The goal is to use control mesh with the least amount of 3 or 5 edged vertices. Topology like that minimizes any surface artifacts (shows mostly on reflections)

enter image description here

I got this piece by using Shrinkwrap Modifier and projecting the geometry onto a subdivided cylinder.


To project 2 circles with Shrinkwrap onto a sphere is bit trickier, because we get this overlap, that has to be cleaned:

enter image description here

It's more elegant to prepare both pieces beforehand, so they line up together nicely when projected (the math of projecting onto sphere is not that complicated here). We cut each piece with an ellipse that has same width as the sphere, but has the minor axis of √2/2 (about 0.707):

enter image description here

I used the ellipse just as a guide to move and align vertices, but you can use Booleans to be exact.

Now it's easy to join the meshes perfectly:

enter image description here


If this is a mesh not to be sub-surfed, but a high-density game model, you can proceed the same way with a lower-poly control mesh and then apply the subsurface modifier at a level you like.

High-poly meshes are easy to sculpt or generate procedurally, but pain to model with precision.

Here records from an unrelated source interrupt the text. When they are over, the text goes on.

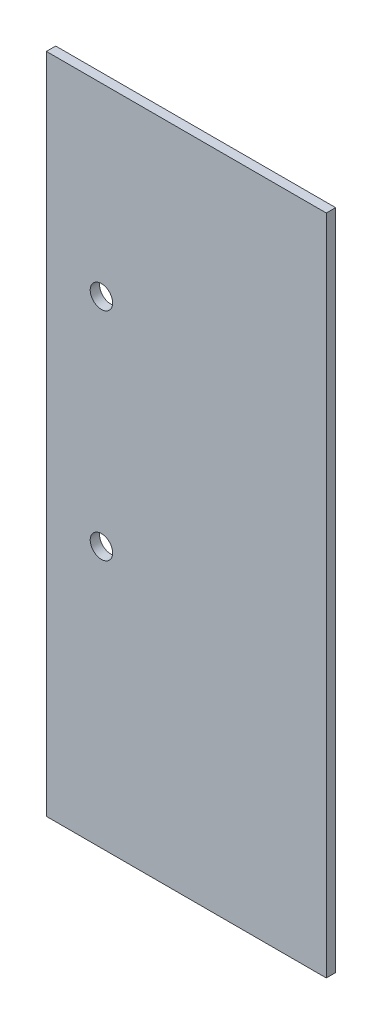
ISO-10303-21;
HEADER;
FILE_DESCRIPTION(('STEP AP214'),'2;1');
FILE_NAME('part.step','',(''),(''),'','','');
FILE_SCHEMA(('AUTOMOTIVE_DESIGN { 1 0 10303 214 1 1 1 1 }'));
ENDSEC;
DATA;
#1=APPLICATION_CONTEXT('core data for automotive mechanical design processes');
#2=APPLICATION_PROTOCOL_DEFINITION('international standard','automotive_design',2000,#1);
#3=PRODUCT_CONTEXT('',#1,'mechanical');
#4=PRODUCT('Part','Part','',(#3));
#5=PRODUCT_RELATED_PRODUCT_CATEGORY('part','',(#4));
#6=PRODUCT_DEFINITION_FORMATION('','',#4);
#7=PRODUCT_DEFINITION_CONTEXT('part definition',#1,'design');
#8=PRODUCT_DEFINITION('design','',#6,#7);
#9=PRODUCT_DEFINITION_SHAPE('','',#8);
#10=(LENGTH_UNIT() NAMED_UNIT(*) SI_UNIT(.MILLI.,.METRE.));
#11=(NAMED_UNIT(*) PLANE_ANGLE_UNIT() SI_UNIT($,.RADIAN.));
#12=(NAMED_UNIT(*) SI_UNIT($,.STERADIAN.) SOLID_ANGLE_UNIT());
#13=UNCERTAINTY_MEASURE_WITH_UNIT(LENGTH_MEASURE(1.E-05),#10,'distance_accuracy_value','');
#14=(GEOMETRIC_REPRESENTATION_CONTEXT(3) GLOBAL_UNCERTAINTY_ASSIGNED_CONTEXT((#13)) GLOBAL_UNIT_ASSIGNED_CONTEXT((#10,
#11,#12)) REPRESENTATION_CONTEXT('',''));
#15=CARTESIAN_POINT('',(0.,0.,0.));
#16=DIRECTION('',(0.,0.,1.));
#17=DIRECTION('',(1.,0.,0.));
#18=AXIS2_PLACEMENT_3D('',#15,#16,#17);
#19=CARTESIAN_POINT('',(75.,177.5,5.));
#20=DIRECTION('',(-1.,0.,0.));
#21=DIRECTION('',(0.,-1.,0.));
#22=AXIS2_PLACEMENT_3D('',#19,#20,#21);
#23=PLANE('',#22);
#24=DIRECTION('',(0.,1.,0.));
#25=VECTOR('',#24,1.);
#26=CARTESIAN_POINT('',(75.,177.5,0.));
#27=LINE('',#26,#25);
#28=CARTESIAN_POINT('',(75.0000000000001,-177.5,0.));
#29=VERTEX_POINT('',#28);
#30=CARTESIAN_POINT('',(75.,177.5,0.));
#31=VERTEX_POINT('',#30);
#32=EDGE_CURVE('E107',#29,#31,#27,.T.);
#33=ORIENTED_EDGE('',*,*,#32,.T.);
#34=DIRECTION('',(0.,0.,-1.));
#35=VECTOR('',#34,1.);
#36=CARTESIAN_POINT('',(75.,177.5,5.));
#37=LINE('',#36,#35);
#38=CARTESIAN_POINT('',(75.,177.5,5.));
#39=VERTEX_POINT('',#38);
#40=EDGE_CURVE('E11',#39,#31,#37,.T.);
#41=ORIENTED_EDGE('',*,*,#40,.F.);
#42=DIRECTION('',(0.,1.,0.));
#43=VECTOR('',#42,1.);
#44=CARTESIAN_POINT('',(75.,177.5,5.));
#45=LINE('',#44,#43);
#46=CARTESIAN_POINT('',(75.0000000000001,-177.5,5.));
#47=VERTEX_POINT('',#46);
#48=EDGE_CURVE('E94',#47,#39,#45,.T.);
#49=ORIENTED_EDGE('',*,*,#48,.F.);
#50=DIRECTION('',(0.,0.,-1.));
#51=VECTOR('',#50,1.);
#52=CARTESIAN_POINT('',(75.0000000000001,-177.5,5.));
#53=LINE('',#52,#51);
#54=EDGE_CURVE('E103',#47,#29,#53,.T.);
#55=ORIENTED_EDGE('',*,*,#54,.T.);
#56=EDGE_LOOP('',(#33,#41,#49,#55));
#57=FACE_BOUND('',#56,.T.);
#58=ADVANCED_FACE('F41',(#57),#23,.F.);
#59=CARTESIAN_POINT('',(-75.,177.5,5.));
#60=DIRECTION('',(0.,-1.,0.));
#61=DIRECTION('',(0.,0.,-1.));
#62=AXIS2_PLACEMENT_3D('',#59,#60,#61);
#63=PLANE('',#62);
#64=DIRECTION('',(-1.,0.,0.));
#65=VECTOR('',#64,1.);
#66=CARTESIAN_POINT('',(-75.,177.5,0.));
#67=LINE('',#66,#65);
#68=CARTESIAN_POINT('',(-75.,177.5,0.));
#69=VERTEX_POINT('',#68);
#70=EDGE_CURVE('E98',#31,#69,#67,.T.);
#71=ORIENTED_EDGE('',*,*,#70,.T.);
#72=DIRECTION('',(0.,0.,-1.));
#73=VECTOR('',#72,1.);
#74=CARTESIAN_POINT('',(-75.,177.5,5.));
#75=LINE('',#74,#73);
#76=CARTESIAN_POINT('',(-75.,177.5,5.));
#77=VERTEX_POINT('',#76);
#78=EDGE_CURVE('E50',#77,#69,#75,.T.);
#79=ORIENTED_EDGE('',*,*,#78,.F.);
#80=DIRECTION('',(-1.,0.,0.));
#81=VECTOR('',#80,1.);
#82=CARTESIAN_POINT('',(-75.,177.5,5.));
#83=LINE('',#82,#81);
#84=EDGE_CURVE('E89',#39,#77,#83,.T.);
#85=ORIENTED_EDGE('',*,*,#84,.F.);
#86=ORIENTED_EDGE('',*,*,#40,.T.);
#87=EDGE_LOOP('',(#71,#79,#85,#86));
#88=FACE_BOUND('',#87,.T.);
#89=ADVANCED_FACE('F97',(#88),#63,.F.);
#90=CARTESIAN_POINT('',(-75.,177.5,5.));
#91=DIRECTION('',(1.,0.,0.));
#92=DIRECTION('',(0.,1.,0.));
#93=AXIS2_PLACEMENT_3D('',#90,#91,#92);
#94=PLANE('',#93);
#95=DIRECTION('',(0.,-1.,0.));
#96=VECTOR('',#95,1.);
#97=CARTESIAN_POINT('',(-75.,177.5,0.));
#98=LINE('',#97,#96);
#99=CARTESIAN_POINT('',(-75.,-177.5,0.));
#100=VERTEX_POINT('',#99);
#101=EDGE_CURVE('E76',#69,#100,#98,.T.);
#102=ORIENTED_EDGE('',*,*,#101,.T.);
#103=DIRECTION('',(0.,0.,-1.));
#104=VECTOR('',#103,1.);
#105=CARTESIAN_POINT('',(-75.,-177.5,5.));
#106=LINE('',#105,#104);
#107=CARTESIAN_POINT('',(-75.,-177.5,5.));
#108=VERTEX_POINT('',#107);
#109=EDGE_CURVE('E99',#108,#100,#106,.T.);
#110=ORIENTED_EDGE('',*,*,#109,.F.);
#111=DIRECTION('',(0.,-1.,0.));
#112=VECTOR('',#111,1.);
#113=CARTESIAN_POINT('',(-75.,177.5,5.));
#114=LINE('',#113,#112);
#115=EDGE_CURVE('E92',#77,#108,#114,.T.);
#116=ORIENTED_EDGE('',*,*,#115,.F.);
#117=ORIENTED_EDGE('',*,*,#78,.T.);
#118=EDGE_LOOP('',(#102,#110,#116,#117));
#119=FACE_BOUND('',#118,.T.);
#120=ADVANCED_FACE('F101',(#119),#94,.F.);
#121=CARTESIAN_POINT('',(-75.,-177.5,5.));
#122=DIRECTION('',(0.,1.,0.));
#123=DIRECTION('',(0.,0.,1.));
#124=AXIS2_PLACEMENT_3D('',#121,#122,#123);
#125=PLANE('',#124);
#126=DIRECTION('',(1.,0.,0.));
#127=VECTOR('',#126,1.);
#128=CARTESIAN_POINT('',(-75.,-177.5,0.));
#129=LINE('',#128,#127);
#130=EDGE_CURVE('E82',#100,#29,#129,.T.);
#131=ORIENTED_EDGE('',*,*,#130,.T.);
#132=ORIENTED_EDGE('',*,*,#54,.F.);
#133=DIRECTION('',(1.,0.,0.));
#134=VECTOR('',#133,1.);
#135=CARTESIAN_POINT('',(-75.,-177.5,5.));
#136=LINE('',#135,#134);
#137=EDGE_CURVE('E59',#108,#47,#136,.T.);
#138=ORIENTED_EDGE('',*,*,#137,.F.);
#139=ORIENTED_EDGE('',*,*,#109,.T.);
#140=EDGE_LOOP('',(#131,#132,#138,#139));
#141=FACE_BOUND('',#140,.T.);
#142=ADVANCED_FACE('F200',(#141),#125,.F.);
#143=CARTESIAN_POINT('',(0.,0.,5.));
#144=DIRECTION('',(0.,0.,1.));
#145=DIRECTION('',(1.,0.,0.));
#146=AXIS2_PLACEMENT_3D('',#143,#144,#145);
#147=PLANE('',#146);
#148=CARTESIAN_POINT('',(-45.5,78.4999999999999,5.));
#149=DIRECTION('',(0.,0.,1.));
#150=DIRECTION('',(1.,0.,0.));
#151=AXIS2_PLACEMENT_3D('',#148,#149,#150);
#152=CIRCLE('',#151,6.);
#153=CARTESIAN_POINT('',(-39.5,78.4999999999999,5.));
#154=VERTEX_POINT('',#153);
#155=EDGE_CURVE('E116',#154,#154,#152,.T.);
#156=ORIENTED_EDGE('',*,*,#155,.F.);
#157=EDGE_LOOP('',(#156));
#158=FACE_BOUND('',#157,.T.);
#159=CARTESIAN_POINT('',(-45.5,-37.5000000000001,5.));
#160=DIRECTION('',(0.,0.,1.));
#161=DIRECTION('',(1.,0.,0.));
#162=AXIS2_PLACEMENT_3D('',#159,#160,#161);
#163=CIRCLE('',#162,5.99999999999999);
#164=CARTESIAN_POINT('',(-39.5,-37.5000000000001,5.));
#165=VERTEX_POINT('',#164);
#166=EDGE_CURVE('E121',#165,#165,#163,.T.);
#167=ORIENTED_EDGE('',*,*,#166,.F.);
#168=EDGE_LOOP('',(#167));
#169=FACE_BOUND('',#168,.T.);
#170=ORIENTED_EDGE('',*,*,#48,.T.);
#171=ORIENTED_EDGE('',*,*,#84,.T.);
#172=ORIENTED_EDGE('',*,*,#115,.T.);
#173=ORIENTED_EDGE('',*,*,#137,.T.);
#174=EDGE_LOOP('',(#170,#171,#172,#173));
#175=FACE_BOUND('',#174,.T.);
#176=ADVANCED_FACE('F90',(#158,#169,#175),#147,.T.);
#177=CARTESIAN_POINT('',(0.,0.,0.));
#178=DIRECTION('',(0.,0.,1.));
#179=DIRECTION('',(1.,0.,0.));
#180=AXIS2_PLACEMENT_3D('',#177,#178,#179);
#181=PLANE('',#180);
#182=CARTESIAN_POINT('',(-51.9062894408149,-122.4754829852,0.));
#183=DIRECTION('',(0.,0.,-1.));
#184=DIRECTION('',(-1.,0.,0.));
#185=AXIS2_PLACEMENT_3D('',#182,#183,#184);
#186=CIRCLE('',#185,1.49999999999999);
#187=CARTESIAN_POINT('',(-53.4062894408149,-122.4754829852,0.));
#188=VERTEX_POINT('',#187);
#189=EDGE_CURVE('E135',#188,#188,#186,.T.);
#190=ORIENTED_EDGE('',*,*,#189,.F.);
#191=EDGE_LOOP('',(#190));
#192=FACE_BOUND('',#191,.T.);
#193=CARTESIAN_POINT('',(-1.18869016070375,-113.50260182447,0.));
#194=DIRECTION('',(0.,0.,-1.));
#195=DIRECTION('',(-1.,0.,0.));
#196=AXIS2_PLACEMENT_3D('',#193,#194,#195);
#197=CIRCLE('',#196,1.5);
#198=CARTESIAN_POINT('',(-2.68869016070375,-113.50260182447,0.));
#199=VERTEX_POINT('',#198);
#200=EDGE_CURVE('E141',#199,#199,#197,.T.);
#201=ORIENTED_EDGE('',*,*,#200,.F.);
#202=EDGE_LOOP('',(#201));
#203=FACE_BOUND('',#202,.T.);
#204=CARTESIAN_POINT('',(-58.2462919447096,-86.530325199336,0.));
#205=DIRECTION('',(0.,0.,-1.));
#206=DIRECTION('',(-1.,0.,0.));
#207=AXIS2_PLACEMENT_3D('',#204,#205,#206);
#208=CIRCLE('',#207,1.5);
#209=CARTESIAN_POINT('',(-59.7462919447096,-86.530325199336,0.));
#210=VERTEX_POINT('',#209);
#211=EDGE_CURVE('E147',#210,#210,#208,.T.);
#212=ORIENTED_EDGE('',*,*,#211,.F.);
#213=EDGE_LOOP('',(#212));
#214=FACE_BOUND('',#213,.T.);
#215=CARTESIAN_POINT('',(-51.9062894408154,163.445482984937,0.));
#216=DIRECTION('',(0.,0.,-1.));
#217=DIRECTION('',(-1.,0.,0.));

If you keep a mesh with same size polygons, the smooth shading on it will also produce nice results, long triangles or long polygons do not behave nice. Your mesh from your question is very close to that state, with some cleanup I would call it fine. If you decide to use a normal map baked from the subsurfed high-poly, then even this stops being a problem, because the normals are now defined in a texture and you can have a mesh that looks however you like. The only concern becomes to have enough geometry so the silhouette looks clean.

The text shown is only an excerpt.